If pregnancy should occur postendometrial ablation, there are significant risks involved, including pregnancy loss, ectopic pregnancy, placental attachment issues, uterine rupture, and preterm delivery. 2 Patients undergoing ablation techniques should be aware that these procedures are not a form of birth control and should not be performed if the patient may consider a future pregnancy. 9 Contraception options need to be discussed, including permanent sterilization of the patient or her partner.

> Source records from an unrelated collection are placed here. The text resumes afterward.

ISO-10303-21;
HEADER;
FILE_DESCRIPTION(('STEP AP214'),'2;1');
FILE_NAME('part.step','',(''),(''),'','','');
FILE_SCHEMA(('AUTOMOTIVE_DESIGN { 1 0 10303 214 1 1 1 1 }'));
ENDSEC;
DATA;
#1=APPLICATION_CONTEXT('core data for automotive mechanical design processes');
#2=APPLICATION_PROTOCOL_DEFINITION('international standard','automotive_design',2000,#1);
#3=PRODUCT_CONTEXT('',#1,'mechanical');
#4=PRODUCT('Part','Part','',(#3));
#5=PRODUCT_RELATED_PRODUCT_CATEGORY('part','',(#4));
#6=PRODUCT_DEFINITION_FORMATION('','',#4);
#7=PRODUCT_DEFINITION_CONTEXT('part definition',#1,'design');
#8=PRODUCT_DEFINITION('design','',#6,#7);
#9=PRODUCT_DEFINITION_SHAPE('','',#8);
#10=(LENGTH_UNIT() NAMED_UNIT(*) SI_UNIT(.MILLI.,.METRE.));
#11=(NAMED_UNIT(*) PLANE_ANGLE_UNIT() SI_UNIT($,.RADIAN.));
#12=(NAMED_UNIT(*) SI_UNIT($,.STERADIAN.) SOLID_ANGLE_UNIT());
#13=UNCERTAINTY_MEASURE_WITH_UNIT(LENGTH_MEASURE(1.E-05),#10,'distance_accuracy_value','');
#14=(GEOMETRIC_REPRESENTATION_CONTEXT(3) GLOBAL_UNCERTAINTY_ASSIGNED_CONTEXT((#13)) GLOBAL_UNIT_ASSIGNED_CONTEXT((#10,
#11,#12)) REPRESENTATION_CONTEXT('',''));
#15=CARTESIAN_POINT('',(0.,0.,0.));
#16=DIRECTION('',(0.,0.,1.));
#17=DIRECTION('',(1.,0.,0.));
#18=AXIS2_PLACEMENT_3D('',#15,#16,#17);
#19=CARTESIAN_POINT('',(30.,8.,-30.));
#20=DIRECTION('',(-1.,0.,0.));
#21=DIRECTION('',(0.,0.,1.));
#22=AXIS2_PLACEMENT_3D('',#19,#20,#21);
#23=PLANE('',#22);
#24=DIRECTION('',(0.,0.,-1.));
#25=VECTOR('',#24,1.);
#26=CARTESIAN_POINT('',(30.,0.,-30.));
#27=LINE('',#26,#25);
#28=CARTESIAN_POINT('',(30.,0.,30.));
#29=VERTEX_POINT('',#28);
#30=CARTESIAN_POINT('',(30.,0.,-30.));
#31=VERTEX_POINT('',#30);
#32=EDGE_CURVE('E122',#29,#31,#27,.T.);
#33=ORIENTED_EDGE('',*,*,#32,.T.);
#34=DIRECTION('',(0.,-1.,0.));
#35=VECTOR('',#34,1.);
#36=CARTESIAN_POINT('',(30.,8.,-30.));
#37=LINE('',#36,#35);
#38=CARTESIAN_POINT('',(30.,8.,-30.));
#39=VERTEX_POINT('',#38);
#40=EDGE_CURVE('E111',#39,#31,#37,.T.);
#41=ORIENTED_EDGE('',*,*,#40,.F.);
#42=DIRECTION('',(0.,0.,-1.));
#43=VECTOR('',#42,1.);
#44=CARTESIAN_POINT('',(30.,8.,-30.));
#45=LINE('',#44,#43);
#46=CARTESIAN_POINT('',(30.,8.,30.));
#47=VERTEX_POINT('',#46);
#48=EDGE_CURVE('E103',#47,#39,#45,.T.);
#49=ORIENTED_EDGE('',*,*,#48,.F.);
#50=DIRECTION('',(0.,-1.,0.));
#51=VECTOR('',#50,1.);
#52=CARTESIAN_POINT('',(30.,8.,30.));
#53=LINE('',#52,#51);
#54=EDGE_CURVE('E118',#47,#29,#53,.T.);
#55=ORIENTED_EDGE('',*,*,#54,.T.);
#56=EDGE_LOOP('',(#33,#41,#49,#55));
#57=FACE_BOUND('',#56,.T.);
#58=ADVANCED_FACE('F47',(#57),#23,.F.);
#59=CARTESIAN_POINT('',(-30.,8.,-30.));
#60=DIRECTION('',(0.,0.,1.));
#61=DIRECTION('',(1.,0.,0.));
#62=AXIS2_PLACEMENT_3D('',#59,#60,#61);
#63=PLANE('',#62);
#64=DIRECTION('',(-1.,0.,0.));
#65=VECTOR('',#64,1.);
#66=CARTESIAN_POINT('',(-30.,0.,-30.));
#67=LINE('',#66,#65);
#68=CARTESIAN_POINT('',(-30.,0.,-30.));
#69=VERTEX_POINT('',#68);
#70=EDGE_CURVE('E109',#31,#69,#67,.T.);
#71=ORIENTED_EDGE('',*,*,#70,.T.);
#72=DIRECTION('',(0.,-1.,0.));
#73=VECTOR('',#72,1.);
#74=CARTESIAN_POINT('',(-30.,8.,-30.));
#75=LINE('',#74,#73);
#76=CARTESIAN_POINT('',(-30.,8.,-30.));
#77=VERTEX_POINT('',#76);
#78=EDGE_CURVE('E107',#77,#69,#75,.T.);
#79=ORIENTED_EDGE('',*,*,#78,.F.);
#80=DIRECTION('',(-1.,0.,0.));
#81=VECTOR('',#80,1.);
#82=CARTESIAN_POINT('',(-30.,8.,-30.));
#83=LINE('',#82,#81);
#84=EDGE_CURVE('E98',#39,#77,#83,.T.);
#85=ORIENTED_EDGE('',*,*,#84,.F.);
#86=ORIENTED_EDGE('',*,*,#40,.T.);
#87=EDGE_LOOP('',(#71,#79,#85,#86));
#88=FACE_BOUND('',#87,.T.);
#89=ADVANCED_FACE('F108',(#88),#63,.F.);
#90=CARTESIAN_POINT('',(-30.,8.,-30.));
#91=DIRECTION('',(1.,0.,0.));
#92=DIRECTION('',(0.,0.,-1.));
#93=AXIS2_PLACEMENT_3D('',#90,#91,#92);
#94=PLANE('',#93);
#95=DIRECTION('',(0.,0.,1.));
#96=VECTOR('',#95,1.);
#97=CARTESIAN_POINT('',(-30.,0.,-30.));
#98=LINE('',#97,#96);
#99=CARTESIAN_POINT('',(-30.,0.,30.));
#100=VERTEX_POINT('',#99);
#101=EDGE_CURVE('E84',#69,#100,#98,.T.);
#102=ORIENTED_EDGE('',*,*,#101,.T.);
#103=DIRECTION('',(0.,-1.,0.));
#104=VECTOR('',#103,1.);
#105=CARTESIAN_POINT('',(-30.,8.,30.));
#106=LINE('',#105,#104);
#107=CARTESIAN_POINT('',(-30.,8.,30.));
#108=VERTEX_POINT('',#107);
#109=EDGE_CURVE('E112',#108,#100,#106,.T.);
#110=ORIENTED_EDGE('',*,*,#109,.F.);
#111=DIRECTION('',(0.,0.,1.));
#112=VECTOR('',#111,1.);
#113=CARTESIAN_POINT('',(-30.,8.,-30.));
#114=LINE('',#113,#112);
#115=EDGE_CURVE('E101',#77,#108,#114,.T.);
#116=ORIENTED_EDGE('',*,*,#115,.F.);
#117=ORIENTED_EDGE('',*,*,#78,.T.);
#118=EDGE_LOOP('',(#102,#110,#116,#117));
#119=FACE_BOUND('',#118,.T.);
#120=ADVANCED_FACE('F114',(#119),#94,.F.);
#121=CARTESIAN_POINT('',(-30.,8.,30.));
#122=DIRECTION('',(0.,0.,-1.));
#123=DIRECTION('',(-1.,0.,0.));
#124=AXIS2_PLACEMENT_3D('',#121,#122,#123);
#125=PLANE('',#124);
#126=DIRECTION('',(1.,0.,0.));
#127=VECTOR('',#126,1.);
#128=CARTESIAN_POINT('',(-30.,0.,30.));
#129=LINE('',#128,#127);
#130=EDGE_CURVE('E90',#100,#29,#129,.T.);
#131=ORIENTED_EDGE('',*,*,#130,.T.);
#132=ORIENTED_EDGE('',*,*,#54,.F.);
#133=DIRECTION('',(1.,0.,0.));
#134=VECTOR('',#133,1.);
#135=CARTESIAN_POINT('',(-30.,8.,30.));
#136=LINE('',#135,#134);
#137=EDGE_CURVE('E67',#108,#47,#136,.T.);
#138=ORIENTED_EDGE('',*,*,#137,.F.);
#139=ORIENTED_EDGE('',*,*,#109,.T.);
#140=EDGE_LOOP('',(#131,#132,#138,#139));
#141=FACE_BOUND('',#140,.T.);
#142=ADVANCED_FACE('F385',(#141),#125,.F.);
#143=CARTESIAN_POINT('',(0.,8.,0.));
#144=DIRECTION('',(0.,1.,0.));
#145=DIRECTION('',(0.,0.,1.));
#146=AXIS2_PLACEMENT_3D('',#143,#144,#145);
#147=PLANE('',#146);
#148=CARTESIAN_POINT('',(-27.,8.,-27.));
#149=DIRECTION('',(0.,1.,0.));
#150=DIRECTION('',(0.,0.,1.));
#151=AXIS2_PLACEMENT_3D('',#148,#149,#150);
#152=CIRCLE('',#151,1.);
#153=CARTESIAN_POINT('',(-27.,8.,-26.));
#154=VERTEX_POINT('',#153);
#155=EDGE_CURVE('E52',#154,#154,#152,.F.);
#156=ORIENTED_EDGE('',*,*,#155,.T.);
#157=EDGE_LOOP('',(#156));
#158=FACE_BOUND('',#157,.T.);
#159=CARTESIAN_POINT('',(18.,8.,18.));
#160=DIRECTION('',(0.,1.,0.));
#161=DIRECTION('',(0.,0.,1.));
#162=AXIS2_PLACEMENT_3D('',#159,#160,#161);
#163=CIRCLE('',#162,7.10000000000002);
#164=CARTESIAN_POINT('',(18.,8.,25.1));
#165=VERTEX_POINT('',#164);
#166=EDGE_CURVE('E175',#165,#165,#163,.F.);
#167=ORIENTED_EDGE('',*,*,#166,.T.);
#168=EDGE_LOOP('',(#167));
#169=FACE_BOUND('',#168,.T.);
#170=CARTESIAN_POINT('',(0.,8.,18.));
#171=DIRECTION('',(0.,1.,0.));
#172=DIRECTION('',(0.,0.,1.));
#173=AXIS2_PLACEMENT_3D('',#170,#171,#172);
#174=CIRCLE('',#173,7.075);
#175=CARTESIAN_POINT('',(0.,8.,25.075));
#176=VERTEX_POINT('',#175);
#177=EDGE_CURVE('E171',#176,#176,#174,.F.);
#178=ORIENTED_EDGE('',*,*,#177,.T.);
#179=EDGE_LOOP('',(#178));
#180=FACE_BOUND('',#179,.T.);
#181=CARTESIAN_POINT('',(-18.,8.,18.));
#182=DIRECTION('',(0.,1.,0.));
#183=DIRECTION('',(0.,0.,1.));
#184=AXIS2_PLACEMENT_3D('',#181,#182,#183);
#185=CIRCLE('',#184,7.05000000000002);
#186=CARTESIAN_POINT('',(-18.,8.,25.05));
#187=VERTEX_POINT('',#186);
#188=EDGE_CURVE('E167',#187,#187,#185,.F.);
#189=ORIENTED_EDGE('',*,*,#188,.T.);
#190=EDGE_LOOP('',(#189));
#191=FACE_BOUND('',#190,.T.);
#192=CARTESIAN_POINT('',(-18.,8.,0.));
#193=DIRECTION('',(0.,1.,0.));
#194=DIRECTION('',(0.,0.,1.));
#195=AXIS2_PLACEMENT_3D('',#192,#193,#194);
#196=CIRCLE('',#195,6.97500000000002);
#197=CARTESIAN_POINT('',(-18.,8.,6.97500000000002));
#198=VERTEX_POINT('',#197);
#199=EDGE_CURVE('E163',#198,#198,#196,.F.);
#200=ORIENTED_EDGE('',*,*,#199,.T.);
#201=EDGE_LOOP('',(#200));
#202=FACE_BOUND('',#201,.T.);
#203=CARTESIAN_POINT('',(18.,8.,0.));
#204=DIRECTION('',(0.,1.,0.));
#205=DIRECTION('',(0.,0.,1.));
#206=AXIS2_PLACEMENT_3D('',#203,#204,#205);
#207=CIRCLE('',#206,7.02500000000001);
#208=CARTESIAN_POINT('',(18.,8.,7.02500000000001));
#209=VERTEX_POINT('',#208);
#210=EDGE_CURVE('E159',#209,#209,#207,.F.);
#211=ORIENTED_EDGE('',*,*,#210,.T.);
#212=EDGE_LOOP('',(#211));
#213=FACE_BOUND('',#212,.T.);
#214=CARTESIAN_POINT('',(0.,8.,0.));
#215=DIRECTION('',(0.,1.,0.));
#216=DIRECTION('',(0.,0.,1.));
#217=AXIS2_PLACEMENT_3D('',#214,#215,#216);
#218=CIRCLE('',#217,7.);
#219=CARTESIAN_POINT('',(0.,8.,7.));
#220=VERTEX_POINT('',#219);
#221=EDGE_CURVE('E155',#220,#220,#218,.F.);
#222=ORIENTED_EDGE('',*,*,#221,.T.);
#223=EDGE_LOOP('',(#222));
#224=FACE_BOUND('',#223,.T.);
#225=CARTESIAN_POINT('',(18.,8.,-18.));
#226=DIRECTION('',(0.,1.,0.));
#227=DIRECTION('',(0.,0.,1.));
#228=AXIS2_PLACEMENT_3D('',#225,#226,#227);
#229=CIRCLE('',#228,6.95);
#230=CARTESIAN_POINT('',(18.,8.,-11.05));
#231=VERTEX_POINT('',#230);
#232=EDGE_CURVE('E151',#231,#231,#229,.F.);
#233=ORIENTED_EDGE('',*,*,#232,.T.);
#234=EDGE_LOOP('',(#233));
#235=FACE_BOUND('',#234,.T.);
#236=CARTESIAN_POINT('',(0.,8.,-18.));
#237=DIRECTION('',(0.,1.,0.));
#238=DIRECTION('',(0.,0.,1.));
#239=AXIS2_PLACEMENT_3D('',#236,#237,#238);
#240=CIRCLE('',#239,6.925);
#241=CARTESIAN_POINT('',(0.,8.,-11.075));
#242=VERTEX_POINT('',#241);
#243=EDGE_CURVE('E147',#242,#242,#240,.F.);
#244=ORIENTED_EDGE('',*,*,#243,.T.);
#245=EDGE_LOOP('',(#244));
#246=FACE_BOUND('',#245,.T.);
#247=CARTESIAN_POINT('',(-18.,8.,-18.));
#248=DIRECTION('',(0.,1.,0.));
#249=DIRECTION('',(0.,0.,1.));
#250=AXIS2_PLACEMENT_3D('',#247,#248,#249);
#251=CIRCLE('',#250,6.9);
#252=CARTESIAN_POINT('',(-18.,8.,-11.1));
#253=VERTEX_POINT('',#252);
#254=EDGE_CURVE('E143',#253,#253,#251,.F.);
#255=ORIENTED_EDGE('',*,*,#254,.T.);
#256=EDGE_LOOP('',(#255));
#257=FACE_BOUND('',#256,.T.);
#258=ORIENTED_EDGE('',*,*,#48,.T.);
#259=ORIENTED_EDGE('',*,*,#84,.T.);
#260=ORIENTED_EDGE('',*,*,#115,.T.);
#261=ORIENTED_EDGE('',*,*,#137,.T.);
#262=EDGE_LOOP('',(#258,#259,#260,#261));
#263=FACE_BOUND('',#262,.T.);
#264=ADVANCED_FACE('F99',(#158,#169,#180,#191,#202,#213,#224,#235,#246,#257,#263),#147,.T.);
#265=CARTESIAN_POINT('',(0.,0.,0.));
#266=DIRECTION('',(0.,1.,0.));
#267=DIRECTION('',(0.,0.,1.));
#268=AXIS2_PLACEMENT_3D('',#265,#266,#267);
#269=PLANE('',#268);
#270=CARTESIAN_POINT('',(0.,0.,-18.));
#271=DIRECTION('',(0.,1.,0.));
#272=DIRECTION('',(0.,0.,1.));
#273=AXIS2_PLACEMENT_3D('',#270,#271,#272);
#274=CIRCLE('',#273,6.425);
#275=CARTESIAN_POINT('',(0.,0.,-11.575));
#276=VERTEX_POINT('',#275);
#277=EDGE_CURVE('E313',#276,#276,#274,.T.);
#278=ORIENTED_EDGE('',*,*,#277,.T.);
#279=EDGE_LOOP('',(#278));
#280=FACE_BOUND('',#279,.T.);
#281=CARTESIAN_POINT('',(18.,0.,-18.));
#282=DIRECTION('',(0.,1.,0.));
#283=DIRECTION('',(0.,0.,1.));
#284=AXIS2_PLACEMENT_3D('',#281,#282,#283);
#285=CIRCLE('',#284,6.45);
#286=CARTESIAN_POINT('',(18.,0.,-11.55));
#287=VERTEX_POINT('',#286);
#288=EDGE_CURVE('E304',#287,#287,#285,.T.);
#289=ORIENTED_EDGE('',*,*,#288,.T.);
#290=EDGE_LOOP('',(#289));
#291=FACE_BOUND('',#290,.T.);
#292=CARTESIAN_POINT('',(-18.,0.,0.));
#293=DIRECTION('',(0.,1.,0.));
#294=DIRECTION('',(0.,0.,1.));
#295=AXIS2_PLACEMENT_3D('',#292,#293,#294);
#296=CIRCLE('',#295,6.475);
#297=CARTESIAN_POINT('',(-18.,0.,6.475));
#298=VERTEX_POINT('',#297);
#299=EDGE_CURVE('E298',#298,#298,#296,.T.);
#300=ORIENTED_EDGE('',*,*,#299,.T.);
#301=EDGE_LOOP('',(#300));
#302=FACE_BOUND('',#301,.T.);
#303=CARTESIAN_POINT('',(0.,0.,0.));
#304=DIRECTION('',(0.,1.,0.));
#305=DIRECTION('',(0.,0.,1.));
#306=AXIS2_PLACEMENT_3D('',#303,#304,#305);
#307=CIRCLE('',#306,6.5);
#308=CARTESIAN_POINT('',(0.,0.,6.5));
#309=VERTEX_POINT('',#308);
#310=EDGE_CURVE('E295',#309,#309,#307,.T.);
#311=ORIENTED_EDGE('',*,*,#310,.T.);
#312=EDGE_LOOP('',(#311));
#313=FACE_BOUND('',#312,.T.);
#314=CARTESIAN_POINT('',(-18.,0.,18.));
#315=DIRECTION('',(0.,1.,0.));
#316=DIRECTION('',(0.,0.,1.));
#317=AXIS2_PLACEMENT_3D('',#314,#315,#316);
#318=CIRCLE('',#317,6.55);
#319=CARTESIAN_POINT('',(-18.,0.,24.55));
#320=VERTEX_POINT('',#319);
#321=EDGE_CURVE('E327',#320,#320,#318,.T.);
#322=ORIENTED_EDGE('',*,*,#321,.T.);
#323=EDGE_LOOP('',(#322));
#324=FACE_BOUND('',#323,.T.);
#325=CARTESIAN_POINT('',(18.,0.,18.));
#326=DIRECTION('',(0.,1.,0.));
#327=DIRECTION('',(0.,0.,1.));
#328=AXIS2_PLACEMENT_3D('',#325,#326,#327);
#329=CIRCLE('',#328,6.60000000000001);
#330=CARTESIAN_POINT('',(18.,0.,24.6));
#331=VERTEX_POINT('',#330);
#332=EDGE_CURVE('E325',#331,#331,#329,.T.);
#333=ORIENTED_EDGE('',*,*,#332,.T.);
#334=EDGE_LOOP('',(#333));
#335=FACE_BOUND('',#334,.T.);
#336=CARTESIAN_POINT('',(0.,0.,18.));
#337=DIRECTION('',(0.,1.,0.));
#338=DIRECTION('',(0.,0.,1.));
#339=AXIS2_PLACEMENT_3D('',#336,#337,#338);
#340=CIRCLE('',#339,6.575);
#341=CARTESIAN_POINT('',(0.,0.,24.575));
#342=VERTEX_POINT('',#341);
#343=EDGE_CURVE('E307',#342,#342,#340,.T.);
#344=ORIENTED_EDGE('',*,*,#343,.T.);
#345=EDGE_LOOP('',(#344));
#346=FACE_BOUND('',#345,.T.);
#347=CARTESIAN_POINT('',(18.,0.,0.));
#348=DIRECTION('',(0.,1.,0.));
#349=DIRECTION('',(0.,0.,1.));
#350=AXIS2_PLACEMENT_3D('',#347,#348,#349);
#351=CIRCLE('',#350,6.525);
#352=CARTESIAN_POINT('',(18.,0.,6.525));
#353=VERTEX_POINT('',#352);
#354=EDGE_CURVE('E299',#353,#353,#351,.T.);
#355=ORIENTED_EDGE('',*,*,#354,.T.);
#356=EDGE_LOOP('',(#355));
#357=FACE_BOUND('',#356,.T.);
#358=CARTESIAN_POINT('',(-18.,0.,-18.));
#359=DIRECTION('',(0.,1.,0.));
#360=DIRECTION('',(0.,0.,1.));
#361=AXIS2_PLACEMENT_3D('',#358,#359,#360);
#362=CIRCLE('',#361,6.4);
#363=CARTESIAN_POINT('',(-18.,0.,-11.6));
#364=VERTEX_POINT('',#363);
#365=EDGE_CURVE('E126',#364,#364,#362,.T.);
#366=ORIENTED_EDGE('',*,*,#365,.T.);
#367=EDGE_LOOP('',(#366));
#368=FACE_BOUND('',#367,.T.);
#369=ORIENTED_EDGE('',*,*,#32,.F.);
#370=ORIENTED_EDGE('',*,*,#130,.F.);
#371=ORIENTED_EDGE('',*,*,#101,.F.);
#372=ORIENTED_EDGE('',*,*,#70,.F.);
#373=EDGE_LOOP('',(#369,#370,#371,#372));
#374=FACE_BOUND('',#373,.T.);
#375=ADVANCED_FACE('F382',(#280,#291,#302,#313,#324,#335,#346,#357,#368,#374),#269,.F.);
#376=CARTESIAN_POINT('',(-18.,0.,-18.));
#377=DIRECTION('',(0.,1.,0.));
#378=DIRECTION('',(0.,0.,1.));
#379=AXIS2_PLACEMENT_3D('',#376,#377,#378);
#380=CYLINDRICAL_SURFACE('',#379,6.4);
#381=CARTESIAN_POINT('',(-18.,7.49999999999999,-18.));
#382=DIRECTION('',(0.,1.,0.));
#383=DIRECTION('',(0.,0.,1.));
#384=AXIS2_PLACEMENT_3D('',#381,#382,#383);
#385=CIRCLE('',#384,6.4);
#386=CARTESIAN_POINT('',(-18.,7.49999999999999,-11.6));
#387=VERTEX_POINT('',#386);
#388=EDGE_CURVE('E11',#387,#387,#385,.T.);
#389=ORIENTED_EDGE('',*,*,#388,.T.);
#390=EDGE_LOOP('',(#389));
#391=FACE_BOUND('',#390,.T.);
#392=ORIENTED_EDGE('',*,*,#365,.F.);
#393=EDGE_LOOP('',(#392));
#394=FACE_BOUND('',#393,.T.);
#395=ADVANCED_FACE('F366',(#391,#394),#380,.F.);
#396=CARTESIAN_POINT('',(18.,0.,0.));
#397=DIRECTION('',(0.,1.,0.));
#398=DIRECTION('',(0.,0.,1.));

It is important to note that these conditions (hematometra, PATSS, and postablation endometriosis) may be difficult to diagnosis if imaging studies such as sonograms and magnetic resonance imaging are not performed while the patient is symptomatic. The body may reabsorb blood and fluid when not in the menstrual phase, thereby making these conditions difficult to detect with imaging. 2
Treatment Options After GEAs
Women who continue to experience problems following endometrial ablation may need further intervention. The most common patient complaints leading to reintervention are pain, bleeding, or a combination of pain and bleeding.2,11 Several studies have attempted to link predisposing risks to ablation failures. A younger age at the time of ablation seems to point to a greater chance of failure.11,12 El-Nashar et al. 12 found patients younger than 45 to be at a greater risk of procedure failure. This study also indicated that prior tubal ligation or history of dysmenorrhea prior to ablation leads to a greater chance of a poor outcome postablation. Increased reintervention in patients who had previously undergone a cesarean section was noted by Shavell et al. 11 (Table 3).
Increased Risk of Postablation Complications.
If further treatment is needed, options available would include undergoing another endometrial ablation technique or hysterectomy. Bansi-Matharu et al 3 studied 114 910 women following endometrial ablation and found that 3 times as many women undergo a hysterectomy as opposed to a second ablation procedure. In another study of 1169 women by Shavell et al., 11 13.4% reported undergoing a hysterectomy following an ablation procedure. Of the women undergoing hysterectomy, 60% occurred in the first 2 years postendometrial ablation, with 80% occurring within 3 years postprocedure. 11
Conclusion
Sonographers should be aware of a possible link between ablation and associated complications with resulting hysterectomy. For unknown reasons, the patients presented within this article were not notified of the risks specifically associated with endometrial ablations prior to the procedures being performed. An analysis of previous research and case studies should be conducted and consideration given to the inclusion of hysterectomy on the list of risks to the ablation procedure.
Footnotes
Declaration of Conflicting Interests
The authors declared no potential conflicts of interest with respect to the research, authorship, and/or publication of this article.
Funding
The authors received no financial support for the research, authorship, and/or publication of this article.